短編をまとめて長編にしています。途中○○が犯人で、××が死んでというが、心地悪いです。OZって何だろうと考えながら読んでいましたが、そういうことでしたか。しかしだからどうしたと思ったりして。「絵の中で溺れた男」がベストでした。
「屋上物語」(北森鴻)
お勧め!
デパートの屋上の人気のうどん店。さくら婆ァがデパートの屋上で起こる様々な事件を解決する。

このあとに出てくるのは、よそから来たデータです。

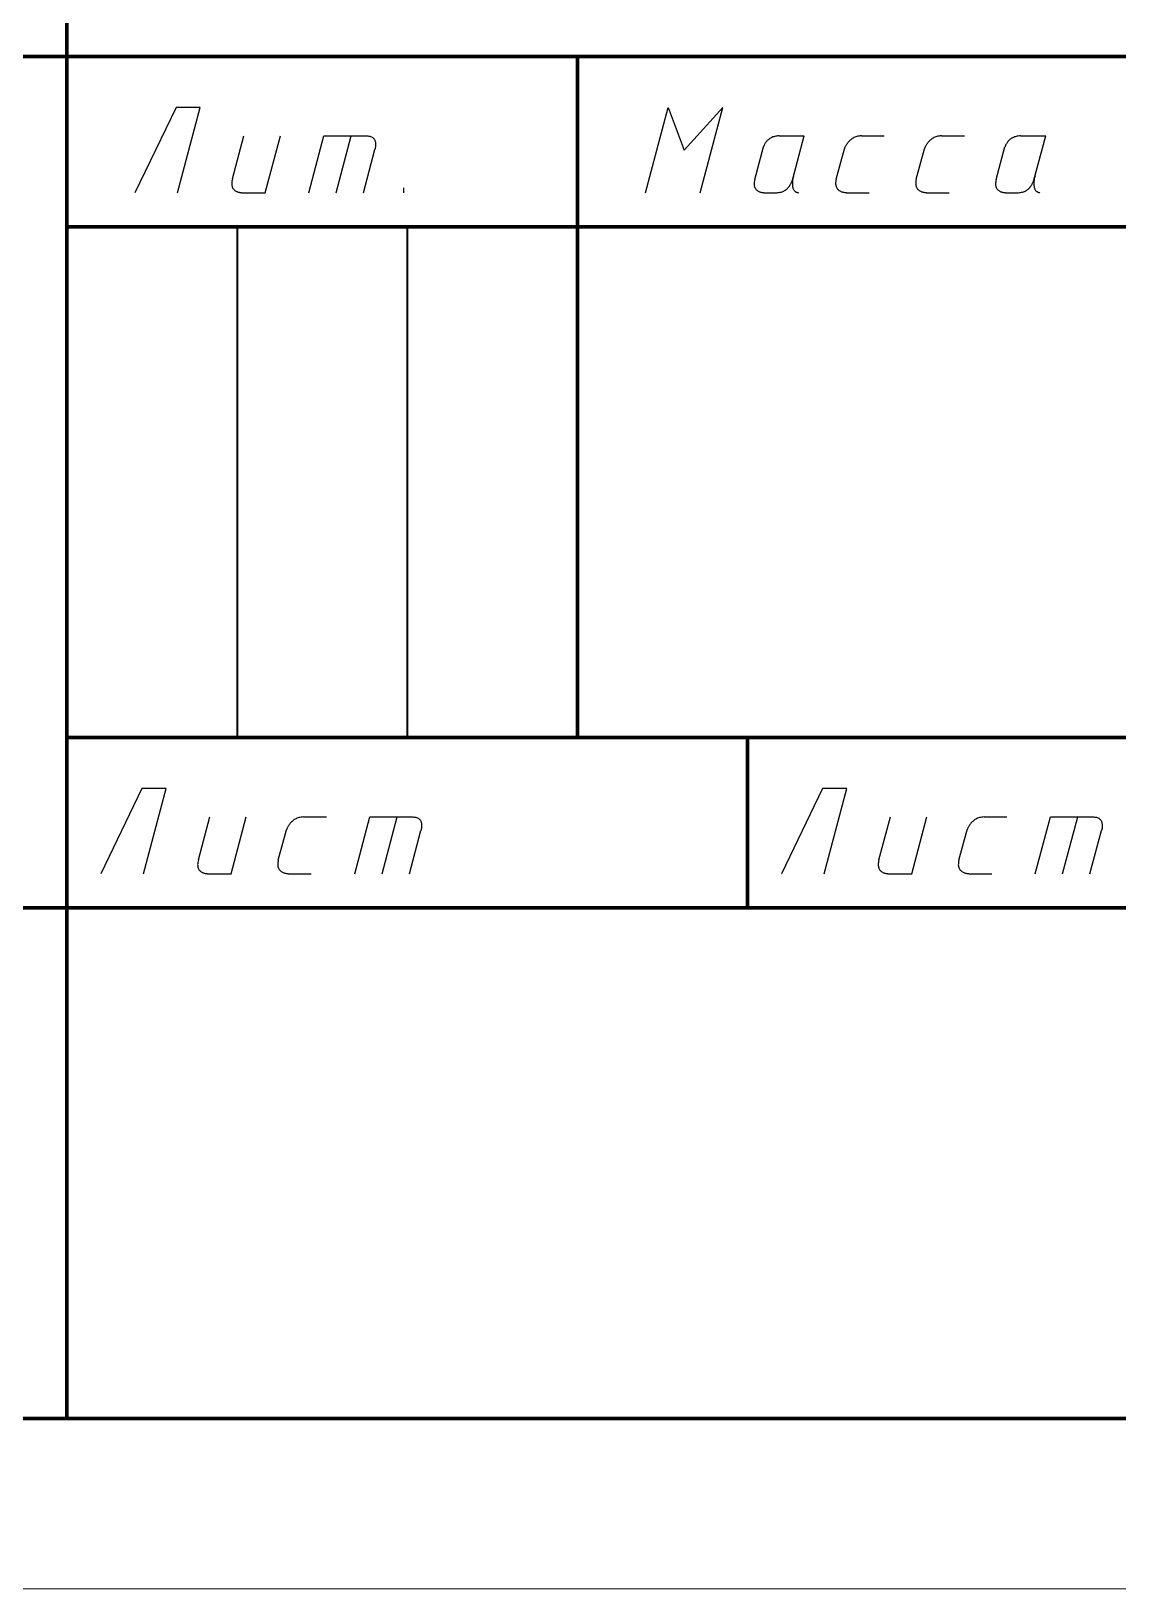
# Model space of a CAD drawing. Header units: millimetres. Extents: x 0 to 841, y 0 to 1189.
# Drawn here: x 784.95 to 816.88, y 0 to 45.74 of the extents above; entities that cross this region are included whole.
import ezdxf

# ---------------------------------------------------------------- set-up
doc = ezdxf.new("R2010")
doc.units = ezdxf.units.MM
doc.layers.get('0').update_dxf_attribs({"linetype": 'CONTINUOUS', "lineweight": 0})

msp = doc.modelspace()

# ---------------------------------------------------------------- linework, layer by layer
at = {"lineweight": 70}
for p, q in [((786, 5), (786, 60)), ((716, 45), (836, 45)), ((801, 25), (801, 45)), ((786, 40), (836, 40)), ((801, 25), (786, 25)), ((836, 25), (801, 25)), ((806, 20), (806, 25)), ((716, 20), (836, 20)), ((20, 5), (836, 5))]:
    msp.add_line(p, q, dxfattribs=at)
at = {"linetype": 'CONTINUOUS', "lineweight": 25}
for p, q in [((789.206, 43.5), (788, 41)), ((789.92, 43.5), (789.206, 43.5)), ((789.25, 41), (789.92, 43.5)), ((803, 41), (803.67, 43.5)), ((803, 41), (803.67, 43.5)), ((803.67, 43.5), (804.138, 42.25)), ((805.275, 43.5), (804.138, 42.25)), ((804.606, 41), (805.275, 43.5)), ((790.862, 41.407), (791.2, 42.667)), ((791.825, 41), (792.272, 42.667)), ((793.105, 41), (793.552, 42.667)), ((793.552, 42.667), (794.81, 42.667)), ((793.908, 41), (794.355, 42.667)), ((794.81, 42.667), (794.842, 42.666)), ((794.842, 42.666), (794.872, 42.662)), ((794.872, 42.662), (794.9, 42.657)), ((794.9, 42.657), (794.925, 42.65)), ((794.925, 42.65), (794.947, 42.641)), ((794.947, 42.641), (794.967, 42.63)), ((794.967, 42.63), (794.985, 42.618)), ((794.985, 42.618), (795.001, 42.605)), ((795.001, 42.605), (795.015, 42.591)), ((795.015, 42.591), (795.027, 42.575)), ((795.027, 42.575), (795.037, 42.559)), ((795.037, 42.559), (795.046, 42.542)), ((795.046, 42.542), (795.053, 42.525)), ((806.596, 42.544), (806.581, 42.529)), ((806.613, 42.559), (806.596, 42.544)), ((806.631, 42.574), (806.613, 42.559)), ((806.651, 42.588), (806.631, 42.574)), ((806.672, 42.601), (806.651, 42.588)), ((806.694, 42.613), (806.672, 42.601)), ((806.718, 42.625), (806.694, 42.613)), ((806.743, 42.635), (806.718, 42.625)), ((806.77, 42.644), (806.743, 42.635)), ((806.798, 42.652), (806.77, 42.644)), ((806.828, 42.658), (806.798, 42.652)), ((806.86, 42.663), (806.828, 42.658)), ((806.893, 42.666), (806.86, 42.663)), ((806.928, 42.667), (806.893, 42.666)), ((806.928, 42.667), (807.666, 42.667)), ((807.319, 41.371), (807.666, 42.667)), ((809.033, 42.555), (809.012, 42.538)), ((809.054, 42.572), (809.033, 42.555)), ((809.077, 42.588), (809.054, 42.572)), ((809.101, 42.602), (809.077, 42.588)), ((809.126, 42.616), (809.101, 42.602)), ((809.153, 42.629), (809.126, 42.616)), ((809.182, 42.64), (809.153, 42.629)), ((809.212, 42.649), (809.182, 42.64)), ((809.243, 42.656), (809.212, 42.649)), ((809.276, 42.662), (809.243, 42.656)), ((809.31, 42.665), (809.276, 42.662)), ((809.346, 42.667), (809.31, 42.665)), ((809.346, 42.667), (810.019, 42.667)), ((811.385, 42.555), (811.365, 42.538)), ((811.406, 42.572), (811.385, 42.555)), ((811.429, 42.588), (811.406, 42.572)), ((811.453, 42.602), (811.429, 42.588)), ((811.479, 42.616), (811.453, 42.602)), ((811.506, 42.629), (811.479, 42.616)), ((811.534, 42.64), (811.506, 42.629)), ((811.564, 42.649), (811.534, 42.64)), ((811.595, 42.656), (811.564, 42.649)), ((811.628, 42.662), (811.595, 42.656)), ((811.662, 42.665), (811.628, 42.662)), ((811.698, 42.667), (811.662, 42.665)), ((811.698, 42.667), (812.371, 42.667)), ((813.692, 42.544), (813.676, 42.529)), ((813.708, 42.559), (813.692, 42.544)), ((813.727, 42.574), (813.708, 42.559)), ((813.746, 42.588), (813.727, 42.574)), ((813.767, 42.601), (813.746, 42.588)), ((813.789, 42.613), (813.767, 42.601)), ((813.813, 42.625), (813.789, 42.613)), ((813.838, 42.635), (813.813, 42.625)), ((813.865, 42.644), (813.838, 42.635)), ((813.893, 42.652), (813.865, 42.644)), ((813.923, 42.658), (813.893, 42.652)), ((813.955, 42.663), (813.923, 42.658)), ((813.988, 42.666), (813.955, 42.663)), ((814.023, 42.667), (813.988, 42.666)), ((814.023, 42.667), (814.762, 42.667)), ((814.415, 41.371), (814.762, 42.667)), ((794.711, 41), (795.052, 42.272)), ((795.052, 42.272), (795.051, 42.268)), ((795.053, 42.278), (795.052, 42.272)), ((795.053, 42.525), (795.059, 42.506)), ((795.055, 42.286), (795.053, 42.278)), ((795.057, 42.295), (795.055, 42.286)), ((795.06, 42.306), (795.057, 42.295)), ((795.059, 42.506), (795.064, 42.488)), ((795.062, 42.319), (795.06, 42.306)), ((795.064, 42.332), (795.062, 42.319)), ((795.064, 42.488), (795.067, 42.47)), ((795.067, 42.347), (795.064, 42.332)), ((795.067, 42.47), (795.069, 42.451)), ((795.068, 42.363), (795.067, 42.347)), ((795.07, 42.379), (795.068, 42.363)), ((795.069, 42.451), (795.071, 42.433)), ((795.071, 42.397), (795.07, 42.379)), ((795.071, 42.433), (795.071, 42.414)), ((795.071, 42.414), (795.071, 42.397)), ((806.211, 41.382), (806.469, 42.345)), ((806.47, 42.349), (806.469, 42.346)), ((806.469, 42.346), (806.469, 42.345)), ((806.472, 42.353), (806.47, 42.349)), ((806.474, 42.36), (806.472, 42.353)), ((806.477, 42.367), (806.474, 42.36)), ((806.48, 42.377), (806.477, 42.367)), ((806.485, 42.387), (806.48, 42.377)), ((806.49, 42.398), (806.485, 42.387)), ((806.496, 42.411), (806.49, 42.398)), ((806.503, 42.424), (806.496, 42.411)), ((806.511, 42.438), (806.503, 42.424)), ((806.52, 42.452), (806.511, 42.438)), ((806.53, 42.467), (806.52, 42.452)), ((806.541, 42.483), (806.53, 42.467)), ((806.553, 42.498), (806.541, 42.483)), ((806.566, 42.514), (806.553, 42.498)), ((806.581, 42.529), (806.566, 42.514)), ((808.606, 41.398), (808.845, 42.29)), ((808.846, 42.292), (808.845, 42.29)), ((808.845, 42.29), (808.845, 42.29)), ((808.848, 42.297), (808.846, 42.292)), ((808.851, 42.303), (808.848, 42.297)), ((808.854, 42.312), (808.851, 42.303)), ((808.859, 42.322), (808.854, 42.312)), ((808.864, 42.334), (808.859, 42.322)), ((808.87, 42.347), (808.864, 42.334)), ((808.878, 42.361), (808.87, 42.347)), ((808.886, 42.377), (808.878, 42.361)), ((808.896, 42.393), (808.886, 42.377)), ((808.906, 42.41), (808.896, 42.393)), ((808.918, 42.428), (808.906, 42.41)), ((808.931, 42.446), (808.918, 42.428)), ((808.945, 42.464), (808.931, 42.446)), ((808.96, 42.483), (808.945, 42.464)), ((808.976, 42.501), (808.96, 42.483)), ((808.994, 42.52), (808.976, 42.501)), ((809.012, 42.538), (808.994, 42.52)), ((810.959, 41.398), (811.197, 42.29)), ((811.198, 42.29), (811.197, 42.29)), ((811.2, 42.297), (811.198, 42.292)), ((811.198, 42.292), (811.198, 42.29)), ((811.203, 42.303), (811.2, 42.297)), ((811.206, 42.312), (811.203, 42.303)), ((811.211, 42.322), (811.206, 42.312)), ((811.216, 42.334), (811.211, 42.322)), ((811.223, 42.347), (811.216, 42.334)), ((811.23, 42.361), (811.223, 42.347)), ((811.238, 42.377), (811.23, 42.361)), ((811.248, 42.393), (811.238, 42.377)), ((811.258, 42.41), (811.248, 42.393)), ((811.27, 42.428), (811.258, 42.41)), ((811.283, 42.446), (811.27, 42.428)), ((811.297, 42.464), (811.283, 42.446)), ((811.312, 42.483), (811.297, 42.464)), ((811.328, 42.501), (811.312, 42.483)), ((811.346, 42.52), (811.328, 42.501)), ((811.365, 42.538), (811.346, 42.52)), ((813.306, 41.382), (813.564, 42.345)), ((813.565, 42.346), (813.564, 42.345)), ((813.566, 42.349), (813.565, 42.346)), ((813.567, 42.353), (813.566, 42.349)), ((813.569, 42.36), (813.567, 42.353)), ((813.572, 42.367), (813.569, 42.36)), ((813.576, 42.377), (813.572, 42.367)), ((813.58, 42.387), (813.576, 42.377)), ((813.585, 42.398), (813.58, 42.387)), ((813.591, 42.411), (813.585, 42.398)), ((813.598, 42.424), (813.591, 42.411)), ((813.606, 42.438), (813.598, 42.424)), ((813.615, 42.452), (813.606, 42.438)), ((813.625, 42.467), (813.615, 42.452)), ((813.636, 42.483), (813.625, 42.467)), ((813.648, 42.498), (813.636, 42.483)), ((813.662, 42.514), (813.648, 42.498)), ((813.676, 42.529), (813.662, 42.514)), ((790.843, 41.3), (790.842, 41.269)), ((790.842, 41.269), (790.843, 41.24)), ((790.847, 41.333), (790.843, 41.3)), ((790.843, 41.24), (790.847, 41.213)), ((790.853, 41.369), (790.847, 41.333)), ((790.847, 41.213), (790.852, 41.189)), ((790.852, 41.189), (790.86, 41.166)), ((790.862, 41.407), (790.853, 41.369)), ((806.194, 41.281), (806.193, 41.252)), ((806.193, 41.252), (806.195, 41.225)), ((806.197, 41.312), (806.194, 41.281)), ((806.195, 41.225), (806.199, 41.2)), ((806.203, 41.346), (806.197, 41.312)), ((806.199, 41.2), (806.204, 41.177)), ((806.211, 41.382), (806.203, 41.346)), ((806.204, 41.177), (806.212, 41.156)), ((807.203, 41.158), (807.217, 41.176)), ((807.217, 41.176), (807.231, 41.194)), ((807.231, 41.194), (807.243, 41.211)), ((807.243, 41.211), (807.255, 41.229)), ((807.255, 41.229), (807.265, 41.246)), ((807.265, 41.246), (807.274, 41.263)), ((807.274, 41.263), (807.283, 41.279)), ((807.283, 41.279), (807.29, 41.294)), ((807.29, 41.294), (807.296, 41.309)), ((807.296, 41.309), (807.302, 41.322)), ((807.302, 41.322), (807.307, 41.334)), ((807.307, 41.334), (807.311, 41.345)), ((807.311, 41.345), (807.314, 41.354)), ((807.314, 41.354), (807.316, 41.361)), ((807.316, 41.361), (807.318, 41.366)), ((807.32, 41.327), (807.317, 41.292)), ((807.317, 41.292), (807.317, 41.259)), ((807.317, 41.259), (807.317, 41.229)), ((807.317, 41.229), (807.32, 41.202)), ((807.318, 41.366), (807.319, 41.37)), ((807.319, 41.37), (807.319, 41.371)), ((807.325, 41.364), (807.32, 41.327)), ((807.32, 41.202), (807.324, 41.177)), ((807.324, 41.177), (807.329, 41.154)), ((807.332, 41.405), (807.325, 41.364)), ((807.341, 41.448), (807.332, 41.405)), ((807.352, 41.494), (807.341, 41.448)), ((808.592, 41.326), (808.589, 41.293)), ((808.589, 41.293), (808.589, 41.263)), ((808.589, 41.263), (808.591, 41.235)), ((808.591, 41.235), (808.596, 41.209)), ((808.598, 41.361), (808.592, 41.326)), ((808.596, 41.209), (808.603, 41.185)), ((808.606, 41.398), (808.598, 41.361)), ((808.603, 41.185), (808.611, 41.163)), ((810.944, 41.326), (810.941, 41.293)), ((810.941, 41.293), (810.941, 41.263)), ((810.941, 41.263), (810.943, 41.235)), ((810.943, 41.235), (810.948, 41.209)), ((810.95, 41.361), (810.944, 41.326)), ((810.948, 41.209), (810.955, 41.185)), ((810.959, 41.398), (810.95, 41.361)), ((810.955, 41.185), (810.963, 41.163)), ((813.289, 41.281), (813.288, 41.252)), ((813.288, 41.252), (813.29, 41.225)), ((813.292, 41.312), (813.289, 41.281)), ((813.29, 41.225), (813.294, 41.2)), ((813.298, 41.346), (813.292, 41.312)), ((813.294, 41.2), (813.3, 41.177)), ((813.306, 41.382), (813.298, 41.346)), ((813.3, 41.177), (813.307, 41.156)), ((814.298, 41.158), (814.313, 41.176)), ((814.313, 41.176), (814.326, 41.194)), ((814.326, 41.194), (814.339, 41.211)), ((814.339, 41.211), (814.35, 41.229)), ((814.35, 41.229), (814.36, 41.246)), ((814.36, 41.246), (814.369, 41.263)), ((814.369, 41.263), (814.378, 41.279)), ((814.378, 41.279), (814.385, 41.294)), ((814.385, 41.294), (814.392, 41.309)), ((814.392, 41.309), (814.397, 41.322)), ((814.397, 41.322), (814.402, 41.334)), ((814.402, 41.334), (814.406, 41.345)), ((814.406, 41.345), (814.409, 41.354)), ((814.409, 41.354), (814.412, 41.361)), ((814.412, 41.361), (814.413, 41.366)), ((814.413, 41.292), (814.412, 41.259)), ((814.412, 41.259), (814.413, 41.229)), ((814.413, 41.366), (814.414, 41.37)), ((814.415, 41.327), (814.413, 41.292)), ((814.413, 41.229), (814.415, 41.202)), ((814.414, 41.37), (814.415, 41.371)), ((814.42, 41.364), (814.415, 41.327)), ((814.415, 41.202), (814.419, 41.177)), ((814.419, 41.177), (814.424, 41.154)), ((814.427, 41.405), (814.42, 41.364)), ((814.436, 41.448), (814.427, 41.405)), ((814.448, 41.494), (814.436, 41.448)), ((790.86, 41.166), (790.868, 41.145)), ((790.868, 41.145), (790.879, 41.126)), ((790.879, 41.126), (790.891, 41.109)), ((790.891, 41.109), (790.904, 41.094)), ((790.904, 41.094), (790.917, 41.08)), ((790.917, 41.08), (790.932, 41.067)), ((790.932, 41.067), (790.948, 41.056)), ((790.948, 41.056), (790.964, 41.046)), ((790.964, 41.046), (790.98, 41.037)), ((790.98, 41.037), (790.996, 41.03)), ((790.996, 41.03), (791.013, 41.024)), ((791.013, 41.024), (791.029, 41.018)), ((791.029, 41.018), (791.045, 41.014)), ((791.045, 41.014), (791.06, 41.01)), ((791.06, 41.01), (791.075, 41.007)), ((791.075, 41.007), (791.089, 41.005)), ((791.089, 41.005), (791.102, 41.003)), ((791.102, 41.003), (791.114, 41.002)), ((791.114, 41.002), (791.124, 41.001)), ((791.124, 41.001), (791.133, 41)), ((791.133, 41), (791.141, 41)), ((791.141, 41), (791.146, 41)), ((791.146, 41), (791.15, 41)), ((791.15, 41), (791.825, 41)), ((795.904, 41), (795.904, 41.139)), ((806.212, 41.156), (806.221, 41.136)), ((806.221, 41.136), (806.231, 41.119)), ((806.231, 41.119), (806.243, 41.102)), ((806.243, 41.102), (806.256, 41.088)), ((806.256, 41.088), (806.27, 41.075)), ((806.27, 41.075), (806.285, 41.063)), ((806.285, 41.063), (806.3, 41.052)), ((806.3, 41.052), (806.316, 41.043)), ((806.316, 41.043), (806.332, 41.035)), ((806.332, 41.035), (806.348, 41.028)), ((806.348, 41.028), (806.365, 41.022)), ((806.365, 41.022), (806.381, 41.017)), ((806.381, 41.017), (806.396, 41.013)), ((806.396, 41.013), (806.412, 41.009)), ((806.412, 41.009), (806.426, 41.007)), ((806.426, 41.007), (806.44, 41.004)), ((806.44, 41.004), (806.452, 41.003)), ((806.452, 41.003), (806.464, 41.002)), ((806.464, 41.002), (806.474, 41.001)), ((806.474, 41.001), (806.483, 41)), ((806.483, 41), (806.49, 41)), ((806.49, 41), (806.495, 41)), ((806.495, 41), (806.498, 41)), ((806.498, 41), (806.858, 41)), ((806.858, 41), (806.892, 41.001)), ((806.892, 41.001), (806.925, 41.004)), ((806.925, 41.004), (806.956, 41.01)), ((806.956, 41.01), (806.985, 41.017)), ((806.985, 41.017), (807.013, 41.026)), ((807.013, 41.026), (807.04, 41.036)), ((807.04, 41.036), (807.065, 41.048)), ((807.065, 41.048), (807.088, 41.061)), ((807.088, 41.061), (807.111, 41.075)), ((807.111, 41.075), (807.132, 41.09)), ((807.132, 41.09), (807.151, 41.106)), ((807.151, 41.106), (807.17, 41.123)), ((807.17, 41.123), (807.187, 41.14)), ((807.187, 41.14), (807.203, 41.158)), ((807.329, 41.154), (807.336, 41.133)), ((807.336, 41.133), (807.343, 41.114)), ((807.343, 41.114), (807.351, 41.097)), ((807.351, 41.097), (807.361, 41.082)), ((807.361, 41.082), (807.37, 41.068)), ((807.37, 41.068), (807.38, 41.056)), ((807.38, 41.056), (807.391, 41.046)), ((807.391, 41.046), (807.402, 41.036)), ((807.402, 41.036), (807.413, 41.029)), ((807.413, 41.029), (807.423, 41.022)), ((807.423, 41.022), (807.434, 41.017)), ((807.434, 41.017), (807.444, 41.012)), ((807.444, 41.012), (807.454, 41.008)), ((807.454, 41.008), (807.463, 41.006)), ((807.463, 41.006), (807.471, 41.004)), ((807.471, 41.004), (807.479, 41.002)), ((807.479, 41.002), (807.485, 41.001)), ((807.485, 41.001), (807.49, 41)), ((807.49, 41), (807.494, 41)), ((807.494, 41), (807.497, 41)), ((807.497, 41), (807.498, 41)), ((808.611, 41.163), (808.622, 41.142)), ((808.622, 41.142), (808.634, 41.124)), ((808.634, 41.124), (808.647, 41.107)), ((808.647, 41.107), (808.662, 41.092)), ((808.662, 41.092), (808.677, 41.078)), ((808.677, 41.078), (808.694, 41.066)), ((808.694, 41.066), (808.711, 41.055)), ((808.711, 41.055), (808.728, 41.045)), ((808.728, 41.045), (808.746, 41.037)), ((808.746, 41.037), (808.764, 41.029)), ((808.764, 41.029), (808.782, 41.023)), ((808.782, 41.023), (808.799, 41.018)), ((808.799, 41.018), (808.817, 41.013)), ((808.817, 41.013), (808.833, 41.01)), ((808.833, 41.01), (808.849, 41.007)), ((808.849, 41.007), (808.863, 41.005)), ((808.863, 41.005), (808.877, 41.003)), ((808.877, 41.003), (808.889, 41.002)), ((808.889, 41.002), (808.9, 41.001)), ((808.9, 41.001), (808.909, 41)), ((808.909, 41), (808.916, 41)), ((808.916, 41), (808.92, 41)), ((808.92, 41), (808.923, 41)), ((808.923, 41), (809.572, 41)), ((810.963, 41.163), (810.974, 41.142)), ((810.974, 41.142), (810.986, 41.124)), ((810.986, 41.124), (810.999, 41.107)), ((810.999, 41.107), (811.014, 41.092)), ((811.014, 41.092), (811.029, 41.078)), ((811.029, 41.078), (811.046, 41.066)), ((811.046, 41.066), (811.063, 41.055)), ((811.063, 41.055), (811.08, 41.045)), ((811.08, 41.045), (811.098, 41.037)), ((811.098, 41.037), (811.116, 41.029)), ((811.116, 41.029), (811.134, 41.023)), ((811.134, 41.023), (811.152, 41.018)), ((811.152, 41.018), (811.169, 41.013)), ((811.169, 41.013), (811.185, 41.01)), ((811.185, 41.01), (811.201, 41.007)), ((811.201, 41.007), (811.216, 41.005)), ((811.216, 41.005), (811.229, 41.003)), ((811.229, 41.003), (811.241, 41.002)), ((811.241, 41.002), (811.252, 41.001)), ((811.252, 41.001), (811.261, 41)), ((811.261, 41), (811.268, 41)), ((811.268, 41), (811.273, 41)), ((811.273, 41), (811.275, 41)), ((811.275, 41), (811.924, 41)), ((813.307, 41.156), (813.316, 41.136)), ((813.316, 41.136), (813.327, 41.119)), ((813.327, 41.119), (813.338, 41.102)), ((813.338, 41.102), (813.351, 41.088)), ((813.351, 41.088), (813.365, 41.075)), ((813.365, 41.075), (813.38, 41.063)), ((813.38, 41.063), (813.395, 41.052)), ((813.395, 41.052), (813.411, 41.043)), ((813.411, 41.043), (813.427, 41.035)), ((813.427, 41.035), (813.444, 41.028)), ((813.444, 41.028), (813.46, 41.022)), ((813.46, 41.022), (813.476, 41.017)), ((813.476, 41.017), (813.492, 41.013)), ((813.492, 41.013), (813.507, 41.009)), ((813.507, 41.009), (813.521, 41.007)), ((813.521, 41.007), (813.535, 41.004)), ((813.535, 41.004), (813.548, 41.003)), ((813.548, 41.003), (813.559, 41.002)), ((813.559, 41.002), (813.569, 41.001)), ((813.569, 41.001), (813.578, 41)), ((813.578, 41), (813.585, 41)), ((813.585, 41), (813.59, 41)), ((813.59, 41), (813.593, 41)), ((813.593, 41), (813.953, 41)), ((813.953, 41), (813.988, 41.001)), ((813.988, 41.001), (814.02, 41.004)), ((814.02, 41.004), (814.051, 41.01)), ((814.051, 41.01), (814.081, 41.017)), ((814.081, 41.017), (814.109, 41.026)), ((814.109, 41.026), (814.135, 41.036)), ((814.135, 41.036), (814.16, 41.048)), ((814.16, 41.048), (814.184, 41.061)), ((814.184, 41.061), (814.206, 41.075)), ((814.206, 41.075), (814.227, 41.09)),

人間以外の視点で書かれているのが目新しいです。さくら婆ァの名探偵ぶりも小気味よいです。ただ寂しい話が多いかも。連作短編はやはり北森さん。
「ヒトクイマジカル」(西尾維新)死なない研究のモニターをすることになったいーちゃん。アパートに連れてこられた行き倒れの美少女はマントの下に拘束着を身につけていた…
○○が死んだのには驚きました。キャラ萌のラノベ化していると入れていますが、トリックは面白いです。「ネコソギラジカル」楽しみです。
「捕虜収容所の死」(ギルバート)
お勧め!
第二次大戦下イタリアの捕虜収容所の脱出用トンネルでスパイが死んだ。しかしそれは不可能なはずだったのだが…
戦争物とミステリ物の融合。サスペンスあふれ、しかも伏線の張りめぐらされた本格ミステリです。「大脱走」を見たくなりました。
「死は招く」(アルテ)内側から鍵のかかった部屋でミステリ作家が煮えたぎる鍋に顔と手を突っ込んで死んでいた。それは構想中のミステリと同じ状況だった。
「第四の扉」がすごすぎたので、期待しすぎたかも。設定がすごいのでどういう決着をつけるのかが興味がありましたが。トリックは単純だけどそこまで計画するかという感じです。音は島荘かと思いました。アンフェアではないのかと一瞬思いましたが…
「タイムスリップ明治維新」(鯨統一郎)女子高生が1860年にタイムスリップ。時代を変えようとする敵に対し、現代に戻るために彼女は時代を正しく進めようとする。明治維新は起こるのか。
「わたしが書いたタイムトリップものの一、二を争う」という作者の言葉が一番笑えました。だって二作しか書いてないし。前作は良かったけど、これはいまいちかな。先が読めるし。